**Exercise goal:** Exact copies of all the lines below are wanted, without a single picture.

Dataset excerpts
========================================================================

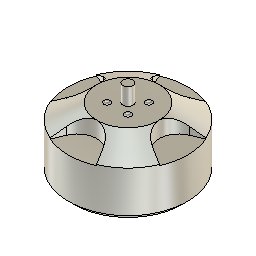
20021-022_motor (Autodesk Fusion 360 design; units mm, degrees)
Autodesk Fusion 360 part; units mm, degrees
sketch "Sketch1" plane through (0, 0, 0) normal (0, 0, 1) x (1, 0, 0)
  circle A0 centre (0, 0) radius 23.05
  line L0 (4.05, 4.05) -> (-4.05, 4.05) construction
  line L1 (-4.05, 4.05) -> (-4.05, -4.05) construction
  line L2 (-4.05, -4.05) -> (4.05, -4.05) construction
  line L3 (4.05, -4.05) -> (4.05, 4.05) construction
  line L4 (4.05, 4.05) -> (-4.05, -4.05) construction
  line L5 (-4.05, 4.05) -> (4.05, -4.05) construction
  circle A1 centre (0, 0) radius 1.95
  circle A2 centre (0, 0) radius 12
  line L6 (0, 0) -> (-9, -21.2203)
  line L7 (0, 0) -> (9, -21.2203)
  arc A3 (7.0767, -16.6855) -> (-7.0767, -16.6855) centre (0, -19.6868) ccw
  dimension "d1" = 46.1
  dimension "d2" = 8.1
  dimension "d3" = 8.1
  dimension "d4" = 3.9
  dimension "d5" = 24
  dimension "d19" = 18
  dimension "d20" = 9
  constraint coincident A0.centre A1.centre
  constraint perpendicular L0 L1
  constraint parallel L0 L2
  constraint parallel L1 L3
  constraint horizontal L0
  constraint coincident L4 A0.centre
  constraint coincident L5 A0.centre
  constraint coincident A0 L6.end
  constraint coincident A0 L7.end
  constraint tangent L7 A3
  constraint coincident L7 A3.start
  constraint coincident L6 A3.end
  constraint tangent L6 A3
  constraint tangent A2 A3
  measures "d1" diameter of A0
  measures "d2" distance of L1.end L2.end
  measures "d3" distance of L0.start L2.end
  measures "d4" diameter of A1
  measures "d5" diameter of A2
  measures "d19" distance of L6.end L7.end A0.centre
  measures "d20" horizontal distance of A0.centre L6.end
extrude "Extrude1" add sketch "Sketch1" against normal blind 23.8
chamfer "Chamfer1" distance 11 distance2 5.8 1 edges at (-21.4901, -8.3352, 0) measured on face at (5.3767, -4.1064, 0)
extrude "Extrude2" add sketch "Sketch1" along normal blind 6.6 contours A1 L6 L7 | A1 L6 L7
chamfer "Chamfer2" distance 2 angle 45 1 edges at (-21.4901, 8.3352, -23.8)
hole "Hole1" at (-4.05, -4.05, 0) at (-4.05, 4.05, 0) at (4.05, 4.05, 0) at (4.05, -4.05, 0) direction (0, 0, -1) diameter 2.529 depth 5 tip angle 180
thread "Thread1" "ISO Metric profile 3.0 M3x0.5 6H"
extrude "Extrude3" cut sketch "Sketch1" against normal up to surface (6.2 mm away) contours A0 L6 L7 A3
pattern_circular "C-Pattern1" count 4 over 360 about axis through (0, 0, 0) along (0, 0, 1) of "Extrude3"
equation "d9 = 23.8 mm - 18 mm"
equation "d20 = d19 / 2"
named bodies: "20021-022_motor"
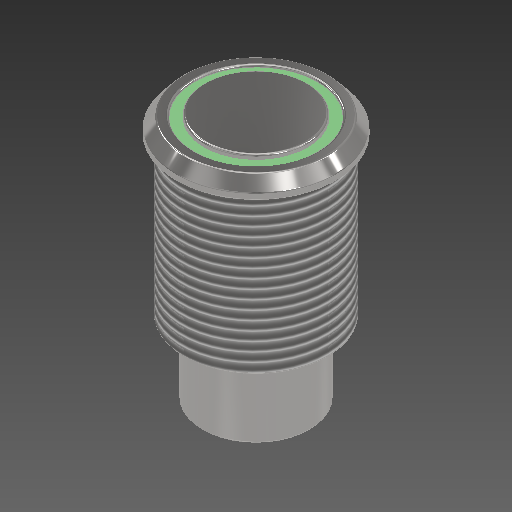
# Autodesk Inventor part: 16mm_momentary
Saved by Autodesk Inventor 2020.2 (Build 242310000, 310)
## iProperties
Created: 2020-04-11
Part Number: 16mm_momentary
Material: PVC-Piping
Document SubType Name: Modeling
Designer: agmlego
Mass: 6.81462 g
Surface Area: 17.4784 cm^2
Volume: 4.86759 cm^3
Density: 1.4 g/cm^3
Appearance: Steel - Polished
GlobalPropertyList: <PropertyList/>
Author: agmlego
Autodesk Inventor part; units mm, degrees
ref_plane "YZ Plane" through (0, 0, 0) normal (1, 0, 0) x (0, 1, 0)
ref_plane "XZ Plane" through (0, 0, 0) normal (0, 1, 0) x (-1, 0, 0)
ref_plane "XY Plane" through (0, 0, 0) normal (0, 0, 1) x (1, 0, 0)
sketch "Sketch1" plane through (0, 0, 0) normal (0, 0, 1) x (1, 0, 0)
  line L0 (0, 0) -> (0, 27.6)
  line L1 (0, 27.6) -> (5.75, 27.6)
  line L2 (8.9, 26.096) -> (8.9, 25.346)
  line L3 (8.9, 25.346) -> (8, 25.346)
  line L4 (8, 25.346) -> (8, 8)
  line L5 (8, 8) -> (6, 8)
  line L6 (6, 8) -> (6, 0)
  line L7 (6, 0) -> (0, 0)
  line L8 (5.75, 27.6) -> (5.75, 27.092)
  line L9 (5.75, 27.092) -> (6.8, 27.092)
  line L10 (6.8, 27.092) -> (6.8, 27.346)
  line L11 (6.8, 27.346) -> (7.85, 27.346)
  line L12 (7.85, 27.346) -> (8.9, 26.096)
  dimension "d0" = 8.9
  dimension "d1" = 5.75
  dimension "d2" = 6.8
  dimension "d3" = 0.254
  dimension "d4" = 0.254
  dimension "d5" = 2
  dimension "d6" = 8
  dimension "d7" = 6
  dimension "d9" = 27.6
  dimension "d10" = 8
  dimension "d11" = 0.75
  constraints: 26 end point, 9 perpendicular, 2 parallel, 2 vertical
  measures "d0" distance between parallel lines of L0 L2
  measures "d1" distance between parallel lines of L0 L8
  measures "d2" distance between parallel lines of L0 L10
  measures "d3" distance between parallel lines of L1 L11
  measures "d4" distance between parallel lines of L9 L11
  measures "d5" distance between parallel lines of L11 L3
  measures "d6" distance between parallel lines of L0 L4
  measures "d7" distance between parallel lines of L0 L6
  measures "d9" distance between parallel lines of L7 L1
  measures "d10" distance between parallel lines of L7 L5
  measures "d11" distance of L2.start L2.end
revolve "Revolution1" add sketch "Sketch1" angle 360 about axis through (0, 0, 0) along (0, 1, 0)
thread "Thread1" size "M16x1" class "6g" standard "ANSI Metric M Profile" full length
fillet "Fillet1" radius 0.25 7 edges at (-8.9, 26.096, 0) (-7.85, 27.346, 0) (-6.8, 27.346, 0) (-5.75, 27.6, 0) (-8.9, 25.346, 0) (-8, 8, 0) (-6, 0, 0)
sketch "Sketch2" plane through (0, 0, 0) normal (0, -1, 0) x (1, 0, 0)
  line L0 (0, -4.25) -> (0, 4.25) construction
  line L1 (-2.54, -2.54) -> (-2.54, 2.54) construction
  line L2 (-2.54, 0) -> (0, 0) construction
  dimension "d16" = 2.54
  dimension "d17" = 2.54
  dimension "d18" = 8.5
  constraints: 6 end point, 4 coincident, 2 midpoint, 1 horizontal, 1 perpendicular, 1 vertical
  measures "d16" distance of L2.start L2.end
  measures "d17" distance of L2.start L1.start
  measures "d18" distance of L0.start L0.end
body "Solid1"

========================================================================

**Answer to the problem:**
20021-022_motor (Autodesk Fusion 360 design; units mm, degrees)
Autodesk Fusion 360 part; units mm, degrees
sketch "Sketch1" plane through (0, 0, 0) normal (0, 0, 1) x (1, 0, 0)
  circle A0 centre (0, 0) radius 23.05
  line L0 (4.05, 4.05) -> (-4.05, 4.05) construction
  line L1 (-4.05, 4.05) -> (-4.05, -4.05) construction
  line L2 (-4.05, -4.05) -> (4.05, -4.05) construction
  line L3 (4.05, -4.05) -> (4.05, 4.05) construction
  line L4 (4.05, 4.05) -> (-4.05, -4.05) construction
  line L5 (-4.05, 4.05) -> (4.05, -4.05) construction
  circle A1 centre (0, 0) radius 1.95
  circle A2 centre (0, 0) radius 12
  line L6 (0, 0) -> (-9, -21.2203)
  line L7 (0, 0) -> (9, -21.2203)
  arc A3 (7.0767, -16.6855) -> (-7.0767, -16.6855) centre (0, -19.6868) ccw
  dimension "d1" = 46.1
  dimension "d2" = 8.1
  dimension "d3" = 8.1
  dimension "d4" = 3.9
  dimension "d5" = 24
  dimension "d19" = 18
  dimension "d20" = 9
  constraint coincident A0.centre A1.centre
  constraint perpendicular L0 L1
  constraint parallel L0 L2
  constraint parallel L1 L3
  constraint horizontal L0
  constraint coincident L4 A0.centre
  constraint coincident L5 A0.centre
  constraint coincident A0 L6.end
  constraint coincident A0 L7.end
  constraint tangent L7 A3
  constraint coincident L7 A3.start
  constraint coincident L6 A3.end
  constraint tangent L6 A3
  constraint tangent A2 A3
  measures "d1" diameter of A0
  measures "d2" distance of L1.end L2.end
  measures "d3" distance of L0.start L2.end
  measures "d4" diameter of A1
  measures "d5" diameter of A2
  measures "d19" distance of L6.end L7.end A0.centre
  measures "d20" horizontal distance of A0.centre L6.end
extrude "Extrude1" add sketch "Sketch1" against normal blind 23.8
chamfer "Chamfer1" distance 11 distance2 5.8 1 edges at (-21.4901, -8.3352, 0) measured on face at (5.3767, -4.1064, 0)
extrude "Extrude2" add sketch "Sketch1" along normal blind 6.6 contours A1 L6 L7 | A1 L6 L7
chamfer "Chamfer2" distance 2 angle 45 1 edges at (-21.4901, 8.3352, -23.8)
hole "Hole1" at (-4.05, -4.05, 0) at (-4.05, 4.05, 0) at (4.05, 4.05, 0) at (4.05, -4.05, 0) direction (0, 0, -1) diameter 2.529 depth 5 tip angle 180
thread "Thread1" "ISO Metric profile 3.0 M3x0.5 6H"
extrude "Extrude3" cut sketch "Sketch1" against normal up to surface (6.2 mm away) contours A0 L6 L7 A3
pattern_circular "C-Pattern1" count 4 over 360 about axis through (0, 0, 0) along (0, 0, 1) of "Extrude3"
equation "d9 = 23.8 mm - 18 mm"
equation "d20 = d19 / 2"
named bodies: "20021-022_motor"
# Autodesk Inventor part: 16mm_momentary
Saved by Autodesk Inventor 2020.2 (Build 242310000, 310)
## iProperties
Created: 2020-04-11
Part Number: 16mm_momentary
Material: PVC-Piping
Document SubType Name: Modeling
Designer: agmlego
Mass: 6.81462 g
Surface Area: 17.4784 cm^2
Volume: 4.86759 cm^3
Density: 1.4 g/cm^3
Appearance: Steel - Polished
GlobalPropertyList: <PropertyList/>
Author: agmlego
Autodesk Inventor part; units mm, degrees
ref_plane "YZ Plane" through (0, 0, 0) normal (1, 0, 0) x (0, 1, 0)
ref_plane "XZ Plane" through (0, 0, 0) normal (0, 1, 0) x (-1, 0, 0)
ref_plane "XY Plane" through (0, 0, 0) normal (0, 0, 1) x (1, 0, 0)
sketch "Sketch1" plane through (0, 0, 0) normal (0, 0, 1) x (1, 0, 0)
  line L0 (0, 0) -> (0, 27.6)
  line L1 (0, 27.6) -> (5.75, 27.6)
  line L2 (8.9, 26.096) -> (8.9, 25.346)
  line L3 (8.9, 25.346) -> (8, 25.346)
  line L4 (8, 25.346) -> (8, 8)
  line L5 (8, 8) -> (6, 8)
  line L6 (6, 8) -> (6, 0)
  line L7 (6, 0) -> (0, 0)
  line L8 (5.75, 27.6) -> (5.75, 27.092)
  line L9 (5.75, 27.092) -> (6.8, 27.092)
  line L10 (6.8, 27.092) -> (6.8, 27.346)
  line L11 (6.8, 27.346) -> (7.85, 27.346)
  line L12 (7.85, 27.346) -> (8.9, 26.096)
  dimension "d0" = 8.9
  dimension "d1" = 5.75
  dimension "d2" = 6.8
  dimension "d3" = 0.254
  dimension "d4" = 0.254
  dimension "d5" = 2
  dimension "d6" = 8
  dimension "d7" = 6
  dimension "d9" = 27.6
  dimension "d10" = 8
  dimension "d11" = 0.75
  constraints: 26 end point, 9 perpendicular, 2 parallel, 2 vertical
  measures "d0" distance between parallel lines of L0 L2
  measures "d1" distance between parallel lines of L0 L8
  measures "d2" distance between parallel lines of L0 L10
  measures "d3" distance between parallel lines of L1 L11
  measures "d4" distance between parallel lines of L9 L11
  measures "d5" distance between parallel lines of L11 L3
  measures "d6" distance between parallel lines of L0 L4
  measures "d7" distance between parallel lines of L0 L6
  measures "d9" distance between parallel lines of L7 L1
  measures "d10" distance between parallel lines of L7 L5
  measures "d11" distance of L2.start L2.end
revolve "Revolution1" add sketch "Sketch1" angle 360 about axis through (0, 0, 0) along (0, 1, 0)
thread "Thread1" size "M16x1" class "6g" standard "ANSI Metric M Profile" full length
fillet "Fillet1" radius 0.25 7 edges at (-8.9, 26.096, 0) (-7.85, 27.346, 0) (-6.8, 27.346, 0) (-5.75, 27.6, 0) (-8.9, 25.346, 0) (-8, 8, 0) (-6, 0, 0)
sketch "Sketch2" plane through (0, 0, 0) normal (0, -1, 0) x (1, 0, 0)
  line L0 (0, -4.25) -> (0, 4.25) construction
  line L1 (-2.54, -2.54) -> (-2.54, 2.54) construction
  line L2 (-2.54, 0) -> (0, 0) construction
  dimension "d16" = 2.54
  dimension "d17" = 2.54
  dimension "d18" = 8.5
  constraints: 6 end point, 4 coincident, 2 midpoint, 1 horizontal, 1 perpendicular, 1 vertical
  measures "d16" distance of L2.start L2.end
  measures "d17" distance of L2.start L1.start
  measures "d18" distance of L0.start L0.end
body "Solid1"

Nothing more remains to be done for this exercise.